Repeat each entry word for word; the images are not part of the copy.

----------

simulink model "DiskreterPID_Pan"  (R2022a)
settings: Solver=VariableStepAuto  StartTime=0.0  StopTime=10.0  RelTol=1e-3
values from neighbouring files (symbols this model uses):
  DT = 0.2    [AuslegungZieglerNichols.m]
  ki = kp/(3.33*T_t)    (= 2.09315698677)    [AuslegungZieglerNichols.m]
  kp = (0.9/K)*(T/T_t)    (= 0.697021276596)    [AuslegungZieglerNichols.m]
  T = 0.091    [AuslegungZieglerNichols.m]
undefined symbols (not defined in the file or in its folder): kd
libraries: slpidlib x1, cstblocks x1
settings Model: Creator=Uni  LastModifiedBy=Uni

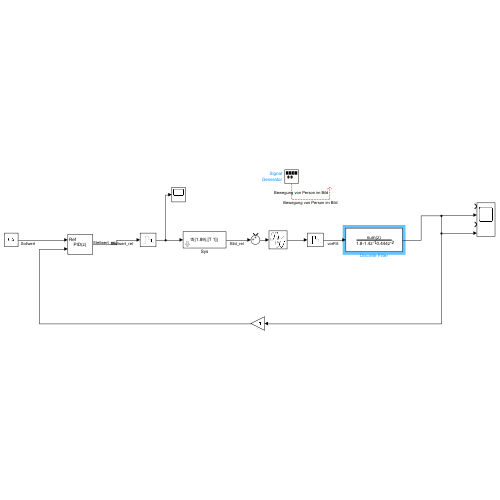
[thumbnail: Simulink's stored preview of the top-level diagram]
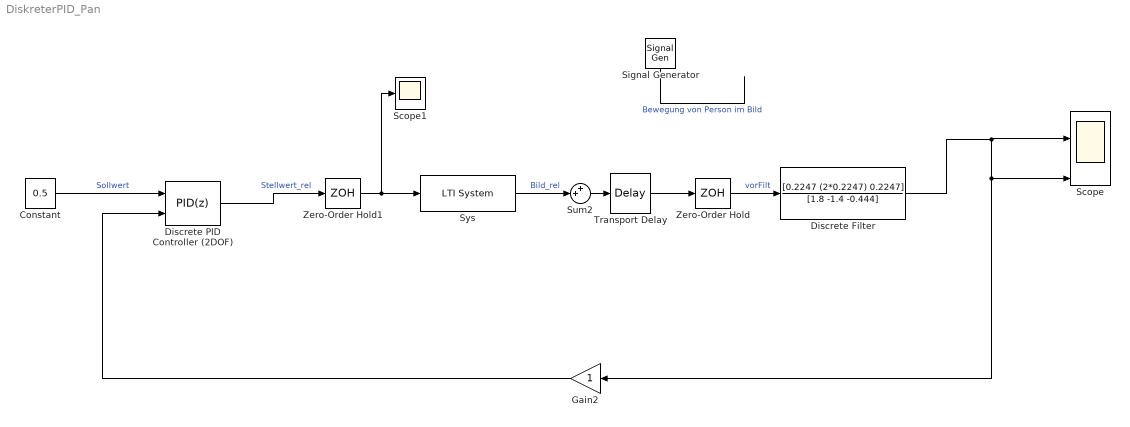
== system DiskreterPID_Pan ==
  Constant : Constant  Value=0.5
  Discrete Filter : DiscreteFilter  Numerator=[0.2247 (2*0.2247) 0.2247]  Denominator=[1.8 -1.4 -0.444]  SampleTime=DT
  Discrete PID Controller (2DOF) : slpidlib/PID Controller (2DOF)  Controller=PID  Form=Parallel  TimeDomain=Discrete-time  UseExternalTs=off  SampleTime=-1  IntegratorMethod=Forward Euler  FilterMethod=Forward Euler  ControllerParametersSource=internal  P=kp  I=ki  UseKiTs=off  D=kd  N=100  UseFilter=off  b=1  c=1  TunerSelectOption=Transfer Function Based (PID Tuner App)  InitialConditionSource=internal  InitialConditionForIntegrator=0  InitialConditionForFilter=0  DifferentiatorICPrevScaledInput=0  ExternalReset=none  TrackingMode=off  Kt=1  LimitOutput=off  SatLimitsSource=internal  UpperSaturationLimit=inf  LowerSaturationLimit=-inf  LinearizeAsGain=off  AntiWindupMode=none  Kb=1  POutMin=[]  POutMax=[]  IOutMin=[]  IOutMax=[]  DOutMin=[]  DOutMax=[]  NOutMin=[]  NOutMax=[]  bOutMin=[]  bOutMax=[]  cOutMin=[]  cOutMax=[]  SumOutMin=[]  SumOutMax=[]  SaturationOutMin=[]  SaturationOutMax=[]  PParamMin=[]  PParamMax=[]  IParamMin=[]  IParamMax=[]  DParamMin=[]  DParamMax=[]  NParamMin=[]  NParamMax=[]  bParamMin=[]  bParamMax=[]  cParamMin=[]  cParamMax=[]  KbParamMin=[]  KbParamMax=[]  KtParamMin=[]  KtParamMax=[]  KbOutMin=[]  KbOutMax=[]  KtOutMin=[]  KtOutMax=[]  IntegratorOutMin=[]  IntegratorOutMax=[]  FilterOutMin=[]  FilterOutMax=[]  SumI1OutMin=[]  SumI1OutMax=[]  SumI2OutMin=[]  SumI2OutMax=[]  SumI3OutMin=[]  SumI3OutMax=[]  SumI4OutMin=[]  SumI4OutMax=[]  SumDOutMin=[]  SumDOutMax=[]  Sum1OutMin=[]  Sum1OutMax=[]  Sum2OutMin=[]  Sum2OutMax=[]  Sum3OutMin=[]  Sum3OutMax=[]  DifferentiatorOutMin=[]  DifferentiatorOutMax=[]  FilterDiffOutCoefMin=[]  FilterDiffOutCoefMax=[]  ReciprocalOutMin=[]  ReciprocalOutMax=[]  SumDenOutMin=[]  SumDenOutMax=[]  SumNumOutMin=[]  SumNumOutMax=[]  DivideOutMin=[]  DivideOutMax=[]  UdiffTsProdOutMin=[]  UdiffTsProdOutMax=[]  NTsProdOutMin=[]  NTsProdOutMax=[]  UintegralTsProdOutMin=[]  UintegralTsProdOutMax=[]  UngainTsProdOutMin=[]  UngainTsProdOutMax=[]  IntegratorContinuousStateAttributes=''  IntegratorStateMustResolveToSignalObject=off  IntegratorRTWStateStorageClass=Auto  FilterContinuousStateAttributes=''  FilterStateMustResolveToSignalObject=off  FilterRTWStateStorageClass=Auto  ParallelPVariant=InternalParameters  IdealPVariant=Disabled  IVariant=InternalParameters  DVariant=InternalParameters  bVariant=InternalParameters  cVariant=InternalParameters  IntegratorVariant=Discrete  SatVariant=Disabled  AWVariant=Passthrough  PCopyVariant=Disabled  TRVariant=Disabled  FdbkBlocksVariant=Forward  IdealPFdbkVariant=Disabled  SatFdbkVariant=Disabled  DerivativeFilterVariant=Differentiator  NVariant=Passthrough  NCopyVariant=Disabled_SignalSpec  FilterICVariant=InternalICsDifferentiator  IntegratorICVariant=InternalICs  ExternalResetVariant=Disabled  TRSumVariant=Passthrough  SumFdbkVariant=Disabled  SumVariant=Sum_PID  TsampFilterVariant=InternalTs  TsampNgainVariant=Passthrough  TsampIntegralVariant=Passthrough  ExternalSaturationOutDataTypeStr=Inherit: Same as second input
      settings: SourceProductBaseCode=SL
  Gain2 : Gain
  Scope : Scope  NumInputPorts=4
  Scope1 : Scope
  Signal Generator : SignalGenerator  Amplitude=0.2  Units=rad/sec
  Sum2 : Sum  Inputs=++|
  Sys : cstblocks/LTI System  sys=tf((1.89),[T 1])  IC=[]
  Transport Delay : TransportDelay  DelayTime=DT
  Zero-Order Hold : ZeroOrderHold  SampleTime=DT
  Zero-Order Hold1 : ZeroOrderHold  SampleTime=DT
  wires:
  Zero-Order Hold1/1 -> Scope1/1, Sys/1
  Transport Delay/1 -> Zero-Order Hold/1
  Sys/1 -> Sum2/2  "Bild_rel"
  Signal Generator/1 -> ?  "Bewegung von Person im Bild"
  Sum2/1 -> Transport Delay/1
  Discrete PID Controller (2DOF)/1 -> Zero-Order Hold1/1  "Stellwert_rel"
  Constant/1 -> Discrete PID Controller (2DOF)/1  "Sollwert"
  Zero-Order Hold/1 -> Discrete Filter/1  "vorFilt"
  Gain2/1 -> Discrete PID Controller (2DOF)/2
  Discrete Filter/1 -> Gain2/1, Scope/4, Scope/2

----------

RESPONSE TO THIS TASK
simulink model "DiskreterPID_Pan"  (R2022a)
settings: Solver=VariableStepAuto  StartTime=0.0  StopTime=10.0  RelTol=1e-3
values from neighbouring files (symbols this model uses):
  DT = 0.2    [AuslegungZieglerNichols.m]
  ki = kp/(3.33*T_t)    (= 2.09315698677)    [AuslegungZieglerNichols.m]
  kp = (0.9/K)*(T/T_t)    (= 0.697021276596)    [AuslegungZieglerNichols.m]
  T = 0.091    [AuslegungZieglerNichols.m]
undefined symbols (not defined in the file or in its folder): kd
libraries: slpidlib x1, cstblocks x1
settings Model: Creator=Uni  LastModifiedBy=Uni

[thumbnail: Simulink's stored preview of the top-level diagram]
== system DiskreterPID_Pan ==
  Constant : Constant  Value=0.5
  Discrete Filter : DiscreteFilter  Numerator=[0.2247 (2*0.2247) 0.2247]  Denominator=[1.8 -1.4 -0.444]  SampleTime=DT
  Discrete PID Controller (2DOF) : slpidlib/PID Controller (2DOF)  Controller=PID  Form=Parallel  TimeDomain=Discrete-time  UseExternalTs=off  SampleTime=-1  IntegratorMethod=Forward Euler  FilterMethod=Forward Euler  ControllerParametersSource=internal  P=kp  I=ki  UseKiTs=off  D=kd  N=100  UseFilter=off  b=1  c=1  TunerSelectOption=Transfer Function Based (PID Tuner App)  InitialConditionSource=internal  InitialConditionForIntegrator=0  InitialConditionForFilter=0  DifferentiatorICPrevScaledInput=0  ExternalReset=none  TrackingMode=off  Kt=1  LimitOutput=off  SatLimitsSource=internal  UpperSaturationLimit=inf  LowerSaturationLimit=-inf  LinearizeAsGain=off  AntiWindupMode=none  Kb=1  POutMin=[]  POutMax=[]  IOutMin=[]  IOutMax=[]  DOutMin=[]  DOutMax=[]  NOutMin=[]  NOutMax=[]  bOutMin=[]  bOutMax=[]  cOutMin=[]  cOutMax=[]  SumOutMin=[]  SumOutMax=[]  SaturationOutMin=[]  SaturationOutMax=[]  PParamMin=[]  PParamMax=[]  IParamMin=[]  IParamMax=[]  DParamMin=[]  DParamMax=[]  NParamMin=[]  NParamMax=[]  bParamMin=[]  bParamMax=[]  cParamMin=[]  cParamMax=[]  KbParamMin=[]  KbParamMax=[]  KtParamMin=[]  KtParamMax=[]  KbOutMin=[]  KbOutMax=[]  KtOutMin=[]  KtOutMax=[]  IntegratorOutMin=[]  IntegratorOutMax=[]  FilterOutMin=[]  FilterOutMax=[]  SumI1OutMin=[]  SumI1OutMax=[]  SumI2OutMin=[]  SumI2OutMax=[]  SumI3OutMin=[]  SumI3OutMax=[]  SumI4OutMin=[]  SumI4OutMax=[]  SumDOutMin=[]  SumDOutMax=[]  Sum1OutMin=[]  Sum1OutMax=[]  Sum2OutMin=[]  Sum2OutMax=[]  Sum3OutMin=[]  Sum3OutMax=[]  DifferentiatorOutMin=[]  DifferentiatorOutMax=[]  FilterDiffOutCoefMin=[]  FilterDiffOutCoefMax=[]  ReciprocalOutMin=[]  ReciprocalOutMax=[]  SumDenOutMin=[]  SumDenOutMax=[]  SumNumOutMin=[]  SumNumOutMax=[]  DivideOutMin=[]  DivideOutMax=[]  UdiffTsProdOutMin=[]  UdiffTsProdOutMax=[]  NTsProdOutMin=[]  NTsProdOutMax=[]  UintegralTsProdOutMin=[]  UintegralTsProdOutMax=[]  UngainTsProdOutMin=[]  UngainTsProdOutMax=[]  IntegratorContinuousStateAttributes=''  IntegratorStateMustResolveToSignalObject=off  IntegratorRTWStateStorageClass=Auto  FilterContinuousStateAttributes=''  FilterStateMustResolveToSignalObject=off  FilterRTWStateStorageClass=Auto  ParallelPVariant=InternalParameters  IdealPVariant=Disabled  IVariant=InternalParameters  DVariant=InternalParameters  bVariant=InternalParameters  cVariant=InternalParameters  IntegratorVariant=Discrete  SatVariant=Disabled  AWVariant=Passthrough  PCopyVariant=Disabled  TRVariant=Disabled  FdbkBlocksVariant=Forward  IdealPFdbkVariant=Disabled  SatFdbkVariant=Disabled  DerivativeFilterVariant=Differentiator  NVariant=Passthrough  NCopyVariant=Disabled_SignalSpec  FilterICVariant=InternalICsDifferentiator  IntegratorICVariant=InternalICs  ExternalResetVariant=Disabled  TRSumVariant=Passthrough  SumFdbkVariant=Disabled  SumVariant=Sum_PID  TsampFilterVariant=InternalTs  TsampNgainVariant=Passthrough  TsampIntegralVariant=Passthrough  ExternalSaturationOutDataTypeStr=Inherit: Same as second input
      settings: SourceProductBaseCode=SL
  Gain2 : Gain
  Scope : Scope  NumInputPorts=4
  Scope1 : Scope
  Signal Generator : SignalGenerator  Amplitude=0.2  Units=rad/sec
  Sum2 : Sum  Inputs=++|
  Sys : cstblocks/LTI System  sys=tf((1.89),[T 1])  IC=[]
  Transport Delay : TransportDelay  DelayTime=DT
  Zero-Order Hold : ZeroOrderHold  SampleTime=DT
  Zero-Order Hold1 : ZeroOrderHold  SampleTime=DT
  wires:
  Zero-Order Hold1/1 -> Scope1/1, Sys/1
  Transport Delay/1 -> Zero-Order Hold/1
  Sys/1 -> Sum2/2  "Bild_rel"
  Signal Generator/1 -> ?  "Bewegung von Person im Bild"
  Sum2/1 -> Transport Delay/1
  Discrete PID Controller (2DOF)/1 -> Zero-Order Hold1/1  "Stellwert_rel"
  Constant/1 -> Discrete PID Controller (2DOF)/1  "Sollwert"
  Zero-Order Hold/1 -> Discrete Filter/1  "vorFilt"
  Gain2/1 -> Discrete PID Controller (2DOF)/2
  Discrete Filter/1 -> Gain2/1, Scope/4, Scope/2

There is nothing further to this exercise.